2.7. Understanding failure domains¶

The idea behind failure domains is to define a scope (for example, a rack) which can fail, while its data will still be available. If we choose the rack failure domain, the cluster data will tolerate a failure of one rack: the other racks will provide for the data availability. If we choose the host failure domain, the loss of an entire server would not result in the loss of data availability.

To provide high availability, Acronis Cyber Infrastructure spreads data replicas evenly across failure domains, according to a replica placement policy. The following policies are available:

• Disk, the smallest possible failure domain. Under this policy, Acronis Cyber Infrastructure never places more than one data replica per disk. While protecting against disk failure, this option may still result in data loss if data replicas happen to be on different disks of the same host and it fails. This policy should be used with one-node clusters.
• Host as a failure domain. Under this policy, Acronis Cyber Infrastructure never places more than one data replica per host. So if a storage node fails (an operating system crash) and all its disks become unavailable, the data is still accessible from the healthy nodes.
• Rack as a failure domain. Under this policy, Acronis Cyber Infrastructure never places more than one data replica per rack. So if a single rack fails (a failure of top-of-rack switch) and all the nodes in it become unavailable, the data is still accessible from the other racks.
• Row as a failure domain. Under this policy, Acronis Cyber Infrastructure never places more than one data replica per row. So if a single row fails (a failure of a single power source) and all the racks in it become unavailable, the data is still accessible from the other rows.
• Room as a failure domain. Under this policy, Acronis Cyber Infrastructure never places more than one data replica per room. So if a single room fails (a power outage) and all the rows in it become unavailable, the data is still accessible from the other rooms.

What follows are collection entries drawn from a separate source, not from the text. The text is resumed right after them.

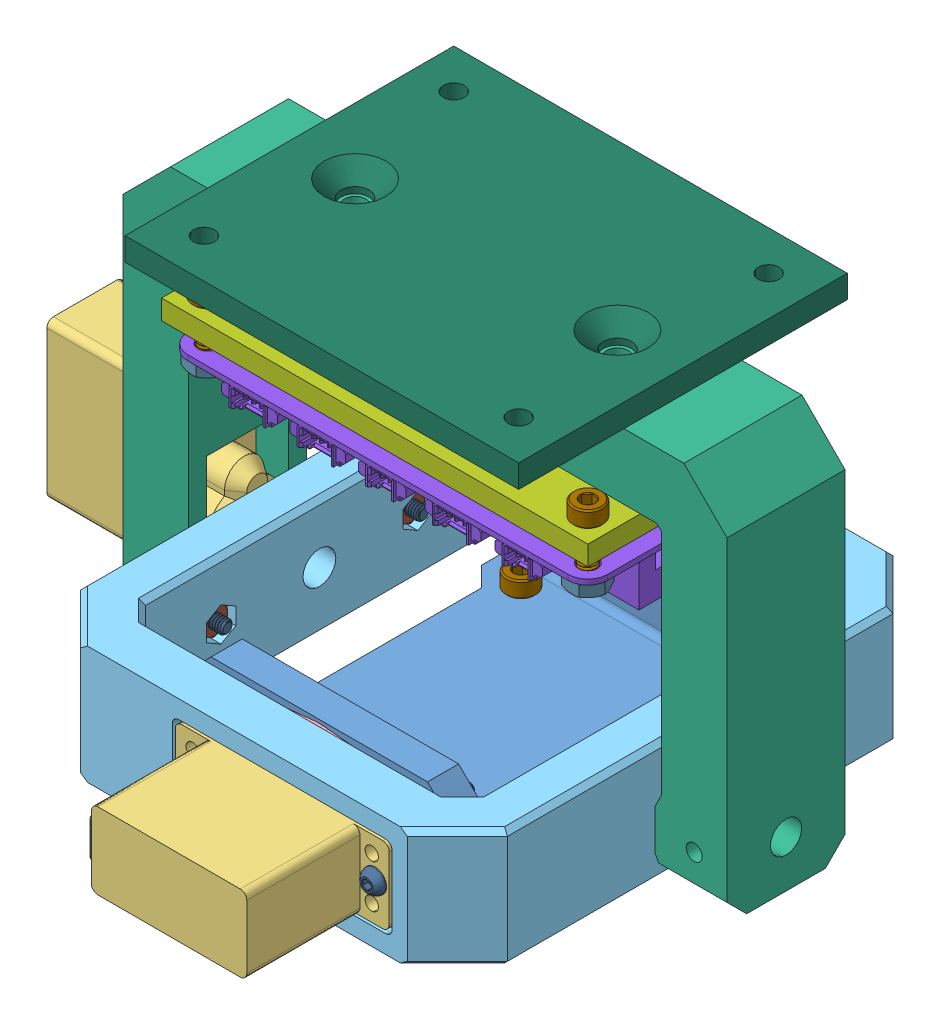
SolidWorks assembly New Gimbal Assembly, configuration Default. Lengths in mm.
Overall size (106.87 84.67 93.85).
50 component instances, 16 part files, 116 mates.
Components (placement in the parent):
- CyberCortexAdaptor-2: CyberCortexAdaptor [Default] at (-0.1011 139.3596 1.1859) x (1 0 0) z (0 1 0) size (638.36 379.45 266.79) (hidden)
- Platform4v2-1: Platform4v2 [Default] at origin size (40 15 53.5)
- Sensors-1: Sensors [Default] at (0 -2 0) x (0 0 1) z (0 1 0) size (42.16 34 19.1)
- Accurate Servo-1: Accurate Servo [Default] at (5.8302 9.5 55.48) x (0 -1 0) z (1 0 0) size (11.64 29.5 32.6)
- B1 Dual Horn-1: B1 Dual Horn [Default] at (0 9.5 25) x (1 0 0) z (0 -1 0) size (35 4.23 8)
- Pitch4v2-1: Pitch4v2 [Default] at (0.0002 9.5 1.1945) size (65.07 18 74.07)
- B1 Dual Horn-2: B1 Dual Horn [Default] at (-30.7853 9.5 1.1945) x (0 0 1) z (0 -1 0) size (35 4.23 8)
- Accurate Servo-2: Accurate Servo [Default] at (-61.2653 15.3302 1.1945) x (0 0 1) z (0 1 0) size (11.64 29.5 32.6)
- Rollo4-1: Rollo4 [Default] at (-0.1011 50.0651 1.1945) size (92.12 66.41 18)
- PCB mount4-1: PCB mount4 [Default] at (-0.1011 50.0651 1.1945) x (1 0 0) z (0 0 -1) size (65 3 34)
- MainBoard-1: MainBoard [Default] at (-0.1011 44.0651 1.1945) x (1 0 0) z (0 1 0) size (64 33 9.3)
- 91292A014 M2.5 cap screw-1: 91292A014 M2.5 cap screw [91292A014] at (14 -7 18) x (-0.52868 0 -0.848821) z (0 -1 0) size (4.5 4.5 13.01)
- 91292A014 M2.5 cap screw-2: 91292A014 M2.5 cap screw [91292A014] at (-14 -7 -18) x (-0.805817 0 0.592164) z (0 -1 0) size (4.5 4.5 13.01)
- 91292A014 M2.5 cap screw-3: 91292A014 M2.5 cap screw [91292A014] at (-14 -7 18) x (-0.43855 0 0.898707) z (0 -1 0) size (4.5 4.5 13.01)
- 91292A014 M2.5 cap screw-4: 91292A014 M2.5 cap screw [91292A014] at (14 -7 -18) x (-0.101959 0 -0.994789) z (0 -1 0) size (4.5 4.5 13.01)
- 92095A454_18-8 SS BUTTON-HEAD SOCKET CAP SCREW-1: 92095A454_18-8 SS BUTTON-HEAD SOCKET CAP SCREW [92095A454] at (15 9.5 28.08) size (3.5 3.5 9.53)
- 92095A454_18-8 SS BUTTON-HEAD SOCKET CAP SCREW-2: 92095A454_18-8 SS BUTTON-HEAD SOCKET CAP SCREW [92095A454] at (-15 9.5 28.08) size (3.5 3.5 9.53)
- 90725A010_ZINC-PLATED STEEL HIGH HEX NUT-1: 90725A010_ZINC-PLATED STEEL HIGH HEX NUT [90725A010] at (15 9.5 21) x (0.992261 -0.124169 0) z (0.124169 0.992261 0) size (4 2.31 4.62)
- 90725A010_ZINC-PLATED STEEL HIGH HEX NUT-2: 90725A010_ZINC-PLATED STEEL HIGH HEX NUT [90725A010] at (-15 9.5 21) x (-0.923728 -0.383049 0) z (-0.383049 0.923728 0) size (4 2.31 4.62)
- 90725A010_ZINC-PLATED STEEL HIGH HEX NUT-3: 90725A010_ZINC-PLATED STEEL HIGH HEX NUT [90725A010] at (-14 -3.8 18) size (4 2.31 4.62)
- 90725A010_ZINC-PLATED STEEL HIGH HEX NUT-4: 90725A010_ZINC-PLATED STEEL HIGH HEX NUT [90725A010] at (-14 -3.8 -18) x (0.23329 0 0.972407) z (-0.972407 0 0.23329) size (4 2.31 4.62)
- 90725A010_ZINC-PLATED STEEL HIGH HEX NUT-5: 90725A010_ZINC-PLATED STEEL HIGH HEX NUT [90725A010] at (14 -3.8 18) x (-0.260305 0 0.965526) z (-0.965526 0 -0.260305) size (4 2.31 4.62)
- 90725A010_ZINC-PLATED STEEL HIGH HEX NUT-6: 90725A010_ZINC-PLATED STEEL HIGH HEX NUT [90725A010] at (14 -3.8 -18) size (4 2.31 4.62)
- 92871A101_SS UNTHRD SPACER-1: 92871A101_SS UNTHRD SPACER [92871A101] at (14 -1 18) x (1 0 0) z (0 -1 0) size (4.5 4.5 2)
- 92871A101_SS UNTHRD SPACER-2: 92871A101_SS UNTHRD SPACER [92871A101] at (-14 -1 18) x (0.272629 0 -0.962119) z (0 -1 0) size (4.5 4.5 2)
- 92871A101_SS UNTHRD SPACER-3: 92871A101_SS UNTHRD SPACER [92871A101] at (-14 -1 -18) x (0.991798 0 0.127816) z (0 -1 0) size (4.5 4.5 2)
- 92871A101_SS UNTHRD SPACER-4: 92871A101_SS UNTHRD SPACER [92871A101] at (14 -1 -18) x (1 0 0) z (0 -1 0) size (4.5 4.5 2)
- GSI_0304_06_1-1: GSI_0304_06_1 [Default] at (35.0607 9.5 1.1945) x (0 0.000471 1) z (-1 0 0) size (6.35 6.35 9.53)
- GSI_0304_06_1-2: GSI_0304_06_1 [Default] at (0.0002 9.5 -28.8411) x (-0.923728 -0.383049 0) z (0 0 -1) size (6.35 6.35 9.53)
- 92095A454_18-8 SS BUTTON-HEAD SOCKET CAP SCREW-3: 92095A454_18-8 SS BUTTON-HEAD SOCKET CAP SCREW [92095A454] at (-33.8653 9.5 16.1945) x (0 0.110925 -0.993829) z (-1 0 0) size (3.5 3.5 9.53)
- 90725A010_ZINC-PLATED STEEL HIGH HEX NUT-7: 90725A010_ZINC-PLATED STEEL HIGH HEX NUT [90725A010] at (-27.5353 9.5 16.1945) x (0 0.866025 -0.5) z (0 0.5 0.866025) size (4 2.31 4.62)
- 92095A454_18-8 SS BUTTON-HEAD SOCKET CAP SCREW-4: 92095A454_18-8 SS BUTTON-HEAD SOCKET CAP SCREW [92095A454] at (-45.3153 29.4907 1.1945) x (0 0.820803 -0.571211) z (-1 0 0) size (3.5 3.5 9.53)
- 90725A010_ZINC-PLATED STEEL HIGH HEX NUT-8: 90725A010_ZINC-PLATED STEEL HIGH HEX NUT [90725A010] at (-38.0153 29.4907 1.1945) x (0 0.5 -0.866025) z (0 0.866025 0.5) size (4 2.31 4.62)
- 92095A454_18-8 SS BUTTON-HEAD SOCKET CAP SCREW-5: 92095A454_18-8 SS BUTTON-HEAD SOCKET CAP SCREW [92095A454] at (-8.3303 9.5 39.53) x (0.390186 -0.920736 0) z (0 0 1) size (3.5 3.5 9.53)
- 90725A010_ZINC-PLATED STEEL HIGH HEX NUT-9: 90725A010_ZINC-PLATED STEEL HIGH HEX NUT [90725A010] at (-8.3303 9.5 33.23) x (-0.5 0.866025 0) z (-0.866025 -0.5 0) size (4 2.31 4.62)
- 92095A454_18-8 SS BUTTON-HEAD SOCKET CAP SCREW-6: 92095A454_18-8 SS BUTTON-HEAD SOCKET CAP SCREW [92095A454] at (19.9907 9.5 39.53) size (3.5 3.5 9.53)
- 90725A010_ZINC-PLATED STEEL HIGH HEX NUT-10: 90725A010_ZINC-PLATED STEEL HIGH HEX NUT [90725A010] at (19.9907 9.5 33.23) x (-0.5 0.866025 0) z (-0.866025 -0.5 0) size (4 2.31 4.62)
- 92095A454_18-8 SS BUTTON-HEAD SOCKET CAP SCREW-7: 92095A454_18-8 SS BUTTON-HEAD SOCKET CAP SCREW [92095A454] at (-45.3153 1.1697 1.1945) x (0 0.381151 0.924513) z (-1 0 0) size (3.5 3.5 9.53)
- 90725A010_ZINC-PLATED STEEL HIGH HEX NUT-11: 90725A010_ZINC-PLATED STEEL HIGH HEX NUT [90725A010] at (-38.0153 1.1697 1.1945) x (0 0.5 -0.866025) z (0 -0.866025 -0.5) size (4 2.31 4.62)
- 92095A454_18-8 SS BUTTON-HEAD SOCKET CAP SCREW-8: 92095A454_18-8 SS BUTTON-HEAD SOCKET CAP SCREW [92095A454] at (-33.8653 9.5 -13.8055) x (0 0.990901 0.134594) z (-1 0 0) size (3.5 3.5 9.53)
- 90725A010_ZINC-PLATED STEEL HIGH HEX NUT-12: 90725A010_ZINC-PLATED STEEL HIGH HEX NUT [90725A010] at (-27.5353 9.5 -13.8055) x (0 0 -1) z (0 -1 0) size (4 2.31 4.62)
- 91292A014 M2.5 cap screw-5: 91292A014 M2.5 cap screw [91292A014] at (-29.1011 40.0651 14.6945) x (0.680452 0 -0.732792) z (0 -1 0) size (4.5 4.5 13.01)
- 91292A014 M2.5 cap screw-6: 91292A014 M2.5 cap screw [91292A014] at (28.8989 40.0651 -12.3055) x (-0.90747 0 -0.420117) z (0 -1 0) size (4.5 4.5 13.01)
- 91292A014 M2.5 cap screw-7: 91292A014 M2.5 cap screw [91292A014] at (28.8989 40.0651 14.6945) x (-0.933696 0 0.358068) z (0 -1 0) size (4.5 4.5 13.01)
- 91292A014 M2.5 cap screw-8: 91292A014 M2.5 cap screw [91292A014] at (-29.1011 40.0651 -12.3055) x (-0.999967 0 -0.008139) z (0 -1 0) size (4.5 4.5 13.01)
- 94150A310 M2.5 hex nut-1: 94150A310 M2.5 hex nut [94150A310] at (28.8989 42.2651 14.6945) x (0.822322 0 0.569023) z (0 1 0) size (5 5.77 2.25)
- 94150A310 M2.5 hex nut-2: 94150A310 M2.5 hex nut [94150A310] at (28.8989 42.2651 -12.3055) x (0.781798 0 -0.623532) z (0 1 0) size (5 5.77 2.25)
- 94150A310 M2.5 hex nut-3: 94150A310 M2.5 hex nut [94150A310] at (-29.1011 42.2651 14.6945) x (0.762284 0 0.647243) z (0 1 0) size (5 5.77 2.25)
- 94150A310 M2.5 hex nut-4: 94150A310 M2.5 hex nut [94150A310] at (-29.1011 42.2651 -12.3055) x (0.716837 0 -0.697241) z (0 1 0) size (5 5.77 2.25)
- Mounnting Plate 3D-1: Mounnting Plate 3D [Default] at (-0.1011 60.0651 1.1945) size (60 3.5 50.1)
Mates (geometry in assembly coordinates):
- Coincident2: coordinate: point of Platform4v2-1; point of assembly
- Distance1: distance = 2 mm: plane of Platform4v2-1 through (0 0 0) normal (0 -1 0); plane of Sensors-1 through (0 -2 0) normal (0 1 0)
- Concentric1: concentric: cylinder of Sensors-1 through (14 54.6306 18) axis (0 -1 0) radius 1.45; cylinder of Platform4v2-1 through (14 3 18) axis (0 -1 0) radius 1.4
- Concentric2: concentric: cylinder of Platform4v2-1 through (-14 3 -18) axis (0 -1 0) radius 1.4; cylinder of Sensors-1 through (-14 54.6306 -18) axis (0 -1 0) radius 1.45
- Concentric3: concentric: cylinder of Accurate Servo-1 through (0 9.5 25.98) axis (0 0 1) radius 2.5; circle of B1 Dual Horn-1
- Coincident4: coincident: plane of Accurate Servo-1 through (0 9.5 29.23) normal (0 0 -1); plane of B1 Dual Horn-1 through (0 9.5 29.23) normal (0 0 1)
- Concentric4: concentric: cylinder of Platform4v2-1 through (15 9.5 -26.751) axis (0 0 1) radius 1.2; cylinder of B1 Dual Horn-1 through (15 9.5 26.78) axis (0 0 1) radius 1.1
- Concentric5: concentric: cylinder of Platform4v2-1 through (-15 9.5 -26.751) axis (0 0 1) radius 1.2; cylinder of B1 Dual Horn-1 through (-15 9.5 26.78) axis (0 0 1) radius 1.1
- Coincident5: coincident: plane of Platform4v2-1 through (0 0 25) normal (0 0 1); plane of B1 Dual Horn-1 through (0 9.5 25) normal (0 0 -1)
- Concentric6: concentric: cylinder of Accurate Servo-1 through (19.9907 9.5 55.481) axis (0 0 -1) radius 1.016; cylinder of Pitch4v2-1 through (19.9907 9.5 -35.8421) axis (0 0 1) radius 1.1
- Concentric7: concentric: cylinder of Accurate Servo-1 through (-8.3303 9.5 55.481) axis (0 0 -1) radius 1.016; cylinder of Pitch4v2-1 through (-8.3303 9.5 -35.8421) axis (0 0 1) radius 1.1
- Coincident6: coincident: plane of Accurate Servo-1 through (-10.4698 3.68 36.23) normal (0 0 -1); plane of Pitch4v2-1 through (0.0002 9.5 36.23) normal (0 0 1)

When selecting a failure domain, consider the following recommendations:

• Make sure the metadata services are distributed among the locations. For example, if you choose a room as the failure domain, and distribute the data across several rooms evenly, you must distribute metadata services too. If you put all the metadata services in one room and it fails due to a power outage, the cluster will not function properly.
• To select a location as the failure domain, you need to have several locations of the kind so that a service or the data can move from one failure domain to another, such as from one rack to another. For example, if you want to choose the rack failure domain with the redundancy 2 replicas or Encoding 1+1, make sure you have at least two racks with healthy nodes assigned to the cluster.
• The disk space should be distributed evenly between the failure domains. For example, if you select the rack failure domain, equal disk space should be available on each of the racks. The allocatable disk space in each rack is set to the disk space on the smallest rack. The reason is that each rack should store one replica for a data chunk. So once the disk space on the smallest rack runs out, no more chunks in the cluster can be created until a new rack is added or the replication factor is decreased. Huge failure domains are more sensitive to total disk space imbalance. For example, if a domain has 5 racks, with 10 TB, 20 TB, 30 TB, 100 TB, and 100 TB total disk space, it will not be possible to allocate (10+20+30+100+100)/3 = 86 TB of data in 3 replicas. Instead, only 60 TB will be allocatable, as the low-capacity racks will be exhausted sooner. At that, the largest racks (the 100 TB ones) will still have free unallocatable space.